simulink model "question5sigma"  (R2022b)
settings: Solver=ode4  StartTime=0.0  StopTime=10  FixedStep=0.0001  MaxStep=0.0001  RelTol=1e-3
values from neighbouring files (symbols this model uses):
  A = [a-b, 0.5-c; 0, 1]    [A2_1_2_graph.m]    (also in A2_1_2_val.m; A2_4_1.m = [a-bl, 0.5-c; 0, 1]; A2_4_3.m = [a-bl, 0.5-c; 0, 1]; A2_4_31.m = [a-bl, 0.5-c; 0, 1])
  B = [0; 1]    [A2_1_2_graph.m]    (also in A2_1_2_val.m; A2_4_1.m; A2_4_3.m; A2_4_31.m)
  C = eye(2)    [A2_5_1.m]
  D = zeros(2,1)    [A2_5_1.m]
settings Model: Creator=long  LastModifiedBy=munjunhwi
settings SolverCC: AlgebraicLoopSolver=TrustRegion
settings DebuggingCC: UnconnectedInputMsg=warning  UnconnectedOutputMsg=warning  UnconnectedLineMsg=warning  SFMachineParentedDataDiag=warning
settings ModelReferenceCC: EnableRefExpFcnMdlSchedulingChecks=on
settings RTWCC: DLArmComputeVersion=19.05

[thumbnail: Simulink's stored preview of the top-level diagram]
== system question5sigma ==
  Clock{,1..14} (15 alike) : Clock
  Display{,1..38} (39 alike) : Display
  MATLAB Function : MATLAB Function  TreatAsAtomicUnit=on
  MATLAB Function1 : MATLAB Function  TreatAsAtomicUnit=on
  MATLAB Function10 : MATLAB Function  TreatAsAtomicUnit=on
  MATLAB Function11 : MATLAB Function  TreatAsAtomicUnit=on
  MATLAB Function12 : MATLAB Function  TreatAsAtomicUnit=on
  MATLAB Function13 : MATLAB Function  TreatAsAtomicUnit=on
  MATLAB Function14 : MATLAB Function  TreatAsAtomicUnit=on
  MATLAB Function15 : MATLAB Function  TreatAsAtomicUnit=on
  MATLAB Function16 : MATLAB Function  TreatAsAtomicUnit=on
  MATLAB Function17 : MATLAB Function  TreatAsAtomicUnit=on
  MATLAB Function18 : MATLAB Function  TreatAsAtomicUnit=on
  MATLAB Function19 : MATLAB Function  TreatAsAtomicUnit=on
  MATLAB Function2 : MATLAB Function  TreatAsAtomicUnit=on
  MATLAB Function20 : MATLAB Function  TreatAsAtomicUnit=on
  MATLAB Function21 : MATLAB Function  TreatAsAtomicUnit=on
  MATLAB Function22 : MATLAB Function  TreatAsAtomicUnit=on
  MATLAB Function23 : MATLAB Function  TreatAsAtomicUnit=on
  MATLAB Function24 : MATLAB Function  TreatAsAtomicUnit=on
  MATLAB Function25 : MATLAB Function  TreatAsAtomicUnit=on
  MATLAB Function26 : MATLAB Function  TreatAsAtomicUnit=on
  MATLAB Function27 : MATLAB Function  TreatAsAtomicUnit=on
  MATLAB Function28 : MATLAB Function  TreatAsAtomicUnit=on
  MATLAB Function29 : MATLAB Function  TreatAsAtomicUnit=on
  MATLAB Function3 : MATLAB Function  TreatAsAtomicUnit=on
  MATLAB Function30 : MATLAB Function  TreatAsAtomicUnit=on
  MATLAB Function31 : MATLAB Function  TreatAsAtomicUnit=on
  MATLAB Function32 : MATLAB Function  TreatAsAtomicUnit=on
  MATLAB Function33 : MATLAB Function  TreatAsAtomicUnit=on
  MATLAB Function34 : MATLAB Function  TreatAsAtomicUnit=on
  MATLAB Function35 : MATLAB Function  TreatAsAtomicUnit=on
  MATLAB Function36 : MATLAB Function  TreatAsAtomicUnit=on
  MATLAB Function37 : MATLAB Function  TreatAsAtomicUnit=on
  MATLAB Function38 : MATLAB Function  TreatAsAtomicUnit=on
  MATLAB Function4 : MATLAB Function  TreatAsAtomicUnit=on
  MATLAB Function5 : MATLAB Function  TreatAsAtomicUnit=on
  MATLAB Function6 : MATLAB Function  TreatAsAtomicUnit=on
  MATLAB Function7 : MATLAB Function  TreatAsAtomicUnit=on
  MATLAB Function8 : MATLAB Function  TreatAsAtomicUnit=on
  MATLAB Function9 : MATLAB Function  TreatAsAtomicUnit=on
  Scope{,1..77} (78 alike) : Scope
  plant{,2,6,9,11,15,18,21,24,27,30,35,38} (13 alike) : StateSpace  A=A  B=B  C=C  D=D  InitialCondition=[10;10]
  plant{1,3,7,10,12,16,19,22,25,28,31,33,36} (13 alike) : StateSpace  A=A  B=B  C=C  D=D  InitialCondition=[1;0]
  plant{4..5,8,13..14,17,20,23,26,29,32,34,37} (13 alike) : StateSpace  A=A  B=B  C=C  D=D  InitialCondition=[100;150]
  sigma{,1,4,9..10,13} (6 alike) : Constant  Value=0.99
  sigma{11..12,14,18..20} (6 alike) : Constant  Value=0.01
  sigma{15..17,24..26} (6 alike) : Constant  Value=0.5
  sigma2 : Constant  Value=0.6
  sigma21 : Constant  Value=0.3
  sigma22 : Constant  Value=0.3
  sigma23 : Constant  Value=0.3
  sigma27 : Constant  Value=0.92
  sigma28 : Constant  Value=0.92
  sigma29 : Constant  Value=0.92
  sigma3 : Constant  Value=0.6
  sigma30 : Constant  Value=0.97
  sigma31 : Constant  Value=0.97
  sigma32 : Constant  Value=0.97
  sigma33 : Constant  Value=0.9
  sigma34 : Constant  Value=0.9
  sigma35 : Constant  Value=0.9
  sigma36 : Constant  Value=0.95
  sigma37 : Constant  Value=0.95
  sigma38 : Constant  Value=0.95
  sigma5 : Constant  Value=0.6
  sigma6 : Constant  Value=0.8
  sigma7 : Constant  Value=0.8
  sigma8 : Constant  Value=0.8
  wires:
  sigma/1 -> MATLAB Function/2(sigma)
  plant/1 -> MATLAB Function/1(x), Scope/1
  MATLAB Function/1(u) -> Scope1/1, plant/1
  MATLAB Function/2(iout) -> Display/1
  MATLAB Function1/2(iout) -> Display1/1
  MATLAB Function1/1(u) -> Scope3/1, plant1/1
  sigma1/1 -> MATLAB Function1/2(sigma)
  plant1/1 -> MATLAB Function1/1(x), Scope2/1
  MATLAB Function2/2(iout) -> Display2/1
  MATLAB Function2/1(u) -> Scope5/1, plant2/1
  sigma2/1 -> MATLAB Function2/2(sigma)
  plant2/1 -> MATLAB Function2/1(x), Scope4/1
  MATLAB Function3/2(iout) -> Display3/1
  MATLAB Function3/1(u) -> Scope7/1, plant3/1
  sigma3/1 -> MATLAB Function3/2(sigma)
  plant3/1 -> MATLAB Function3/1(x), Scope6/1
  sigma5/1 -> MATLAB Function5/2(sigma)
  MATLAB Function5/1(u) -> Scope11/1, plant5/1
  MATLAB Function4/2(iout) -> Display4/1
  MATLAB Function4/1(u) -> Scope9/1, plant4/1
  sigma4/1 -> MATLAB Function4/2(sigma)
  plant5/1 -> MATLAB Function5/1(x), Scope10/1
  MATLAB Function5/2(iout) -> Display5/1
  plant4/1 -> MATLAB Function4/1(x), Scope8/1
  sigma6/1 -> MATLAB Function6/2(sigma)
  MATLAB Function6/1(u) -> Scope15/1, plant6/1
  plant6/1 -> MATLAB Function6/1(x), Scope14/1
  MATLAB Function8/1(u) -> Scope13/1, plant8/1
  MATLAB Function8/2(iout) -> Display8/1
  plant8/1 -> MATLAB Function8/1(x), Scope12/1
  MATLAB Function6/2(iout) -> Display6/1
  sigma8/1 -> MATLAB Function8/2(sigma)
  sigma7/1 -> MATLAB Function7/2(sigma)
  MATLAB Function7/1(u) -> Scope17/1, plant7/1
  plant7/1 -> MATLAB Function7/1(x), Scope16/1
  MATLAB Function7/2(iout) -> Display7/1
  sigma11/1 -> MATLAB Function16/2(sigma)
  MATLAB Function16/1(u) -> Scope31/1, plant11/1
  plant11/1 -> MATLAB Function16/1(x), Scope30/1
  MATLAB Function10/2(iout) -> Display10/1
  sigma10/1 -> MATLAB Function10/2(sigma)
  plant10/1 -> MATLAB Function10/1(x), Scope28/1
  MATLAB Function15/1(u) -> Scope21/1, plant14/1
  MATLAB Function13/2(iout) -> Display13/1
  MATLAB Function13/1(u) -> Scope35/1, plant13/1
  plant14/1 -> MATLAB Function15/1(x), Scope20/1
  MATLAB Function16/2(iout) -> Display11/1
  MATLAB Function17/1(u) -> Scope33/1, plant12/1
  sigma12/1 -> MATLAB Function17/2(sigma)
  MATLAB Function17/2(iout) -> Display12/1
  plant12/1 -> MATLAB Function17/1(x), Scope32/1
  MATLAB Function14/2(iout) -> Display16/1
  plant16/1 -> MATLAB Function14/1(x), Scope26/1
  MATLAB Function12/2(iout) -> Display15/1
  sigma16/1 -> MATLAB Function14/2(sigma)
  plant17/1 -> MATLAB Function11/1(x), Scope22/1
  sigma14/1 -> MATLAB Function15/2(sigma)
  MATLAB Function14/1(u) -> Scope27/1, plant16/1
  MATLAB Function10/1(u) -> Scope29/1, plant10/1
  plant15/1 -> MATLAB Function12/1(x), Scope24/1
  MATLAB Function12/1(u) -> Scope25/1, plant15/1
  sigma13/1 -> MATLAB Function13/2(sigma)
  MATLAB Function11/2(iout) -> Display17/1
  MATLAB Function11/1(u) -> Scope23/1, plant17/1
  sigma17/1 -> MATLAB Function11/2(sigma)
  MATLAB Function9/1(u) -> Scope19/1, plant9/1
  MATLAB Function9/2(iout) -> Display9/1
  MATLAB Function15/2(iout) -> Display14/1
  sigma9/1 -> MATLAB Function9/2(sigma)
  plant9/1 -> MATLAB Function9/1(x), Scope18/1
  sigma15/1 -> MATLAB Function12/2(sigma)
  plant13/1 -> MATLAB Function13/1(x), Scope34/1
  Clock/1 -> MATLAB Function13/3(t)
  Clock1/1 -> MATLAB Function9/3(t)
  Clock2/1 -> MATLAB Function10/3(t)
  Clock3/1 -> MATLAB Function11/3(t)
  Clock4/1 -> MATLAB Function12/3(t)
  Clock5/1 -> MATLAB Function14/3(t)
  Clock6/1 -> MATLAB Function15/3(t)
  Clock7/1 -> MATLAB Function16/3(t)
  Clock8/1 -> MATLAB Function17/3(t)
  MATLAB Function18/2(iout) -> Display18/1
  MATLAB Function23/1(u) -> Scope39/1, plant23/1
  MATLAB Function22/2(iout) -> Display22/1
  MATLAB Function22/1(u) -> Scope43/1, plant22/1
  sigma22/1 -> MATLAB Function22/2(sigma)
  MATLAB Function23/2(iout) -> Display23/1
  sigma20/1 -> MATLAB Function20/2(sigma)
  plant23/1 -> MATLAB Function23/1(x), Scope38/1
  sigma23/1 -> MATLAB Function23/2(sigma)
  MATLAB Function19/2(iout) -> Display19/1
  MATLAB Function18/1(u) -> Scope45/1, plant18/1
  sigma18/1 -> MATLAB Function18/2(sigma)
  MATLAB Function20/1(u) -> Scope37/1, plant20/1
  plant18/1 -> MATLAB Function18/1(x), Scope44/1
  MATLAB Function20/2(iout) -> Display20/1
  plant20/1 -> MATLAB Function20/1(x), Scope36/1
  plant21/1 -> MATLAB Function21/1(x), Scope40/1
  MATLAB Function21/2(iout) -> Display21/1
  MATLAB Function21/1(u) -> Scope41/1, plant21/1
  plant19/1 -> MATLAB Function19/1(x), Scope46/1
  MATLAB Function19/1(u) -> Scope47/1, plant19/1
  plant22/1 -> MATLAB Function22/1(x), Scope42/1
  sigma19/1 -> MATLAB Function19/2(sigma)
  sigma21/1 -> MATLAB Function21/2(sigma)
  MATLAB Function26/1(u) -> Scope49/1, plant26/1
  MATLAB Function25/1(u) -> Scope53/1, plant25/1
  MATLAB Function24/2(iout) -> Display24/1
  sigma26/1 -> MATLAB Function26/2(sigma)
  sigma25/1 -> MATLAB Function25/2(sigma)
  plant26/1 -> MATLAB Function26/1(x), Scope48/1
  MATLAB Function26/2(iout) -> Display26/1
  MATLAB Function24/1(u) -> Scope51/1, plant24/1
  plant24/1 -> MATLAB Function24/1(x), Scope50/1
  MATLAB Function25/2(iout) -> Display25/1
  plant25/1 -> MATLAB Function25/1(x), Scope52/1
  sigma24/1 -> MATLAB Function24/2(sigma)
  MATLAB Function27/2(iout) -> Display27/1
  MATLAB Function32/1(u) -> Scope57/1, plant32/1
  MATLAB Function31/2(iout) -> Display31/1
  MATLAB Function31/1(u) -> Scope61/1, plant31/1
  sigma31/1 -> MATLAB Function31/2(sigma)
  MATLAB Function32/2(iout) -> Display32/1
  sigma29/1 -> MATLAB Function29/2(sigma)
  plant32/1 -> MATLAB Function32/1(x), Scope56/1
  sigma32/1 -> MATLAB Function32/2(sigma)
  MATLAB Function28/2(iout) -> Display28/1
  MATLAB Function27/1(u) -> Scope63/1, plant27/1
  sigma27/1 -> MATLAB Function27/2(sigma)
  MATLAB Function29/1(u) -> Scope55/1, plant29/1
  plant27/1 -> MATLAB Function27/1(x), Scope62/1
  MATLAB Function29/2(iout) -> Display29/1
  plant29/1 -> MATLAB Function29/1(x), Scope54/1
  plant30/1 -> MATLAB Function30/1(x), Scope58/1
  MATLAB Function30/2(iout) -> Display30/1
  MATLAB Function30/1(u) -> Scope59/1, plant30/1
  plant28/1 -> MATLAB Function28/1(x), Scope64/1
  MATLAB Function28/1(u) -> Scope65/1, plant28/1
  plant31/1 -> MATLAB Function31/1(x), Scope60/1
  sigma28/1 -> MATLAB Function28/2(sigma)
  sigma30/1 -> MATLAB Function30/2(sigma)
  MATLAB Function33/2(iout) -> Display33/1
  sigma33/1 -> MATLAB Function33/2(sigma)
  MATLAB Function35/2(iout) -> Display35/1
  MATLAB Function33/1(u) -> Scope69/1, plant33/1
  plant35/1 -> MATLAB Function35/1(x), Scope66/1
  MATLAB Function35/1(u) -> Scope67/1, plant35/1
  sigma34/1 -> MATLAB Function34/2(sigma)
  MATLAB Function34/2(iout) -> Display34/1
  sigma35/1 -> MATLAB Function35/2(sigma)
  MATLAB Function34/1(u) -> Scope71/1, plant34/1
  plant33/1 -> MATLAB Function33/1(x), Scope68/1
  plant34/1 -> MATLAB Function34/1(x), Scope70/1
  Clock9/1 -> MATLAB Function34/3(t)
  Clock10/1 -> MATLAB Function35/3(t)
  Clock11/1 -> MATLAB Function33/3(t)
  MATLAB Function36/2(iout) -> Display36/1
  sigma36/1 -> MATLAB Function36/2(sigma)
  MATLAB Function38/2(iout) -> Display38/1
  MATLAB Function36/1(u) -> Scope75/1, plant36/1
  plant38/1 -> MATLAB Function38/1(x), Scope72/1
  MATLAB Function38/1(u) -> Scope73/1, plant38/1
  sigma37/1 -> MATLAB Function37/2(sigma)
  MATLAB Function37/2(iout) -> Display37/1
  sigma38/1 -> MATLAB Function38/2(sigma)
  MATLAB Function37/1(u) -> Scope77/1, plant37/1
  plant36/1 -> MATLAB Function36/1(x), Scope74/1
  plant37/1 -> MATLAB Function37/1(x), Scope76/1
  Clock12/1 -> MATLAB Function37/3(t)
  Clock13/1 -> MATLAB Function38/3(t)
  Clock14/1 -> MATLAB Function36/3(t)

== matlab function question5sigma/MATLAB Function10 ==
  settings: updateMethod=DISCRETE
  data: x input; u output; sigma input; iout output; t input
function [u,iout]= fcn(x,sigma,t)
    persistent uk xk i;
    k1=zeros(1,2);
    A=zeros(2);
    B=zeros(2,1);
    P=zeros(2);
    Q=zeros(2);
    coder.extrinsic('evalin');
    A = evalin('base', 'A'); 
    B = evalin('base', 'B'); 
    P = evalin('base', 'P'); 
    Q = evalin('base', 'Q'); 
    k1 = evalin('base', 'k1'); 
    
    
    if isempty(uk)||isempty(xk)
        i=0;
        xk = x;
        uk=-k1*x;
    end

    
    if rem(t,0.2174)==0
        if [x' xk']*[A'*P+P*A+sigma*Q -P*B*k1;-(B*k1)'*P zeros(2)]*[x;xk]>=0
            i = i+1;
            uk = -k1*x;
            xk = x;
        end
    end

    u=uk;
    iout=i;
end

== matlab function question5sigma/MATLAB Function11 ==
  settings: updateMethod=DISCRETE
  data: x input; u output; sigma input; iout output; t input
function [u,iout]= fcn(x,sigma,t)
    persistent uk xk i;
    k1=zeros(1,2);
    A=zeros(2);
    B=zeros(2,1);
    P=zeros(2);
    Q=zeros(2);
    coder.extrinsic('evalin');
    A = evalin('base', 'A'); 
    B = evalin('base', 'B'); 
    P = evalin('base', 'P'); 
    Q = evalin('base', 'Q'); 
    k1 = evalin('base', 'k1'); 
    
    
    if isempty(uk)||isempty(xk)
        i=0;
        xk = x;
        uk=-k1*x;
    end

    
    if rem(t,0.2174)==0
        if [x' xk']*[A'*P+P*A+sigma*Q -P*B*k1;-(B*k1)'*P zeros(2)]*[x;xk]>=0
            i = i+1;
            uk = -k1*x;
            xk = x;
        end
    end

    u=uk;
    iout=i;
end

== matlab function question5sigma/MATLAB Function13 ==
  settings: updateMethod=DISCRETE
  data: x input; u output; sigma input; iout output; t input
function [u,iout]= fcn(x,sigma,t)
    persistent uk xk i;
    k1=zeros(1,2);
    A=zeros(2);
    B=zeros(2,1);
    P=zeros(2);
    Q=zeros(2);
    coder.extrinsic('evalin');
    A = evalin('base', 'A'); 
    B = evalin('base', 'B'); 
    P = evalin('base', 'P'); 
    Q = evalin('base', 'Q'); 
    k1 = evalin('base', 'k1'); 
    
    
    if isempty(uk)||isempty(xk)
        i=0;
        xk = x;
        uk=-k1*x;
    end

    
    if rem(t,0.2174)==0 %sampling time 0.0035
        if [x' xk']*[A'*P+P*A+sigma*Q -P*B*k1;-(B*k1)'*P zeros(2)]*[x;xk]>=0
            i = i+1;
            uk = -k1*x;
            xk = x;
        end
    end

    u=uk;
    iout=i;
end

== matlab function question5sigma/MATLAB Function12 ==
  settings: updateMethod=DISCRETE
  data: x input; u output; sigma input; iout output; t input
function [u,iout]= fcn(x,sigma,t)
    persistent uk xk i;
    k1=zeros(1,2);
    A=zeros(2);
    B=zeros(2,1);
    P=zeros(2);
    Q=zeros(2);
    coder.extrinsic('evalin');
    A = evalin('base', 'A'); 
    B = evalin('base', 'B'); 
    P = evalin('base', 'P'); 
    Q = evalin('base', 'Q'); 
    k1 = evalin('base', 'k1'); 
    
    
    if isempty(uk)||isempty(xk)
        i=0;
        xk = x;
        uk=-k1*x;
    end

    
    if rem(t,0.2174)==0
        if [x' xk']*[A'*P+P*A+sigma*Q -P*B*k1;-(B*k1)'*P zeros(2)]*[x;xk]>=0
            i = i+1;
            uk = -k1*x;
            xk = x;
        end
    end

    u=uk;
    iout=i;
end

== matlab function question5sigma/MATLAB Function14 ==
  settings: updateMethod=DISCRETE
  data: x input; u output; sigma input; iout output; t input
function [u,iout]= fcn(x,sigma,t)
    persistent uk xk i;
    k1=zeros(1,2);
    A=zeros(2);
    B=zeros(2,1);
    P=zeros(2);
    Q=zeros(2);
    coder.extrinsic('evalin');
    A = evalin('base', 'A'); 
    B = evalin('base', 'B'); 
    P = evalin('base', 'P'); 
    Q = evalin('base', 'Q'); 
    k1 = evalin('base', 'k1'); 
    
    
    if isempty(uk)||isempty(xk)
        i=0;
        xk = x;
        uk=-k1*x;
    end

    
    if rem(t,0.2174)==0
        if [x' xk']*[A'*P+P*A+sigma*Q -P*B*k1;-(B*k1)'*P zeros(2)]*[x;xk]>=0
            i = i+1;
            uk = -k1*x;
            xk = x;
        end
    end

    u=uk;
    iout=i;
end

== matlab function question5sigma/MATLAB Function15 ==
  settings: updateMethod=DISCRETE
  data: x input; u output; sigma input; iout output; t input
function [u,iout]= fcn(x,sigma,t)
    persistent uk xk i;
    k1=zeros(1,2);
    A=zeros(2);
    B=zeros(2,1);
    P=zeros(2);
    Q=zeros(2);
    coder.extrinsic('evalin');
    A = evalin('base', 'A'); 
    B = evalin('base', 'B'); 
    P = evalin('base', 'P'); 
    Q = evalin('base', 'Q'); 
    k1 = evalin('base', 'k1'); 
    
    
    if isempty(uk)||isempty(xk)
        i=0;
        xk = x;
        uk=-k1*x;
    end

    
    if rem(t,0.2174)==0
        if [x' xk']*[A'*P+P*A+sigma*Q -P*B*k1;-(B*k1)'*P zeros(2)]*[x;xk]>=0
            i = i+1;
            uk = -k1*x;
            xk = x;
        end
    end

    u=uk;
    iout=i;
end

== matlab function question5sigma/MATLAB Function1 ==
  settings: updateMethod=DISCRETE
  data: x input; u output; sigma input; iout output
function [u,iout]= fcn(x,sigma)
━━━━━━━━━━━━━━━━━━━━
## What you will do:
Return exactly, and only, the lines above starting at the line that contains "MATLAB Function38 : MATLAB" and ending at the line that contains "plant1/1 -> MATLAB Function1/1(x), Scope2/1".

## Task solution:
  MATLAB Function38 : MATLAB Function  TreatAsAtomicUnit=on
  MATLAB Function4 : MATLAB Function  TreatAsAtomicUnit=on
  MATLAB Function5 : MATLAB Function  TreatAsAtomicUnit=on
  MATLAB Function6 : MATLAB Function  TreatAsAtomicUnit=on
  MATLAB Function7 : MATLAB Function  TreatAsAtomicUnit=on
  MATLAB Function8 : MATLAB Function  TreatAsAtomicUnit=on
  MATLAB Function9 : MATLAB Function  TreatAsAtomicUnit=on
  Scope{,1..77} (78 alike) : Scope
  plant{,2,6,9,11,15,18,21,24,27,30,35,38} (13 alike) : StateSpace  A=A  B=B  C=C  D=D  InitialCondition=[10;10]
  plant{1,3,7,10,12,16,19,22,25,28,31,33,36} (13 alike) : StateSpace  A=A  B=B  C=C  D=D  InitialCondition=[1;0]
  plant{4..5,8,13..14,17,20,23,26,29,32,34,37} (13 alike) : StateSpace  A=A  B=B  C=C  D=D  InitialCondition=[100;150]
  sigma{,1,4,9..10,13} (6 alike) : Constant  Value=0.99
  sigma{11..12,14,18..20} (6 alike) : Constant  Value=0.01
  sigma{15..17,24..26} (6 alike) : Constant  Value=0.5
  sigma2 : Constant  Value=0.6
  sigma21 : Constant  Value=0.3
  sigma22 : Constant  Value=0.3
  sigma23 : Constant  Value=0.3
  sigma27 : Constant  Value=0.92
  sigma28 : Constant  Value=0.92
  sigma29 : Constant  Value=0.92
  sigma3 : Constant  Value=0.6
  sigma30 : Constant  Value=0.97
  sigma31 : Constant  Value=0.97
  sigma32 : Constant  Value=0.97
  sigma33 : Constant  Value=0.9
  sigma34 : Constant  Value=0.9
  sigma35 : Constant  Value=0.9
  sigma36 : Constant  Value=0.95
  sigma37 : Constant  Value=0.95
  sigma38 : Constant  Value=0.95
  sigma5 : Constant  Value=0.6
  sigma6 : Constant  Value=0.8
  sigma7 : Constant  Value=0.8
  sigma8 : Constant  Value=0.8
  wires:
  sigma/1 -> MATLAB Function/2(sigma)
  plant/1 -> MATLAB Function/1(x), Scope/1
  MATLAB Function/1(u) -> Scope1/1, plant/1
  MATLAB Function/2(iout) -> Display/1
  MATLAB Function1/2(iout) -> Display1/1
  MATLAB Function1/1(u) -> Scope3/1, plant1/1
  sigma1/1 -> MATLAB Function1/2(sigma)
  plant1/1 -> MATLAB Function1/1(x), Scope2/1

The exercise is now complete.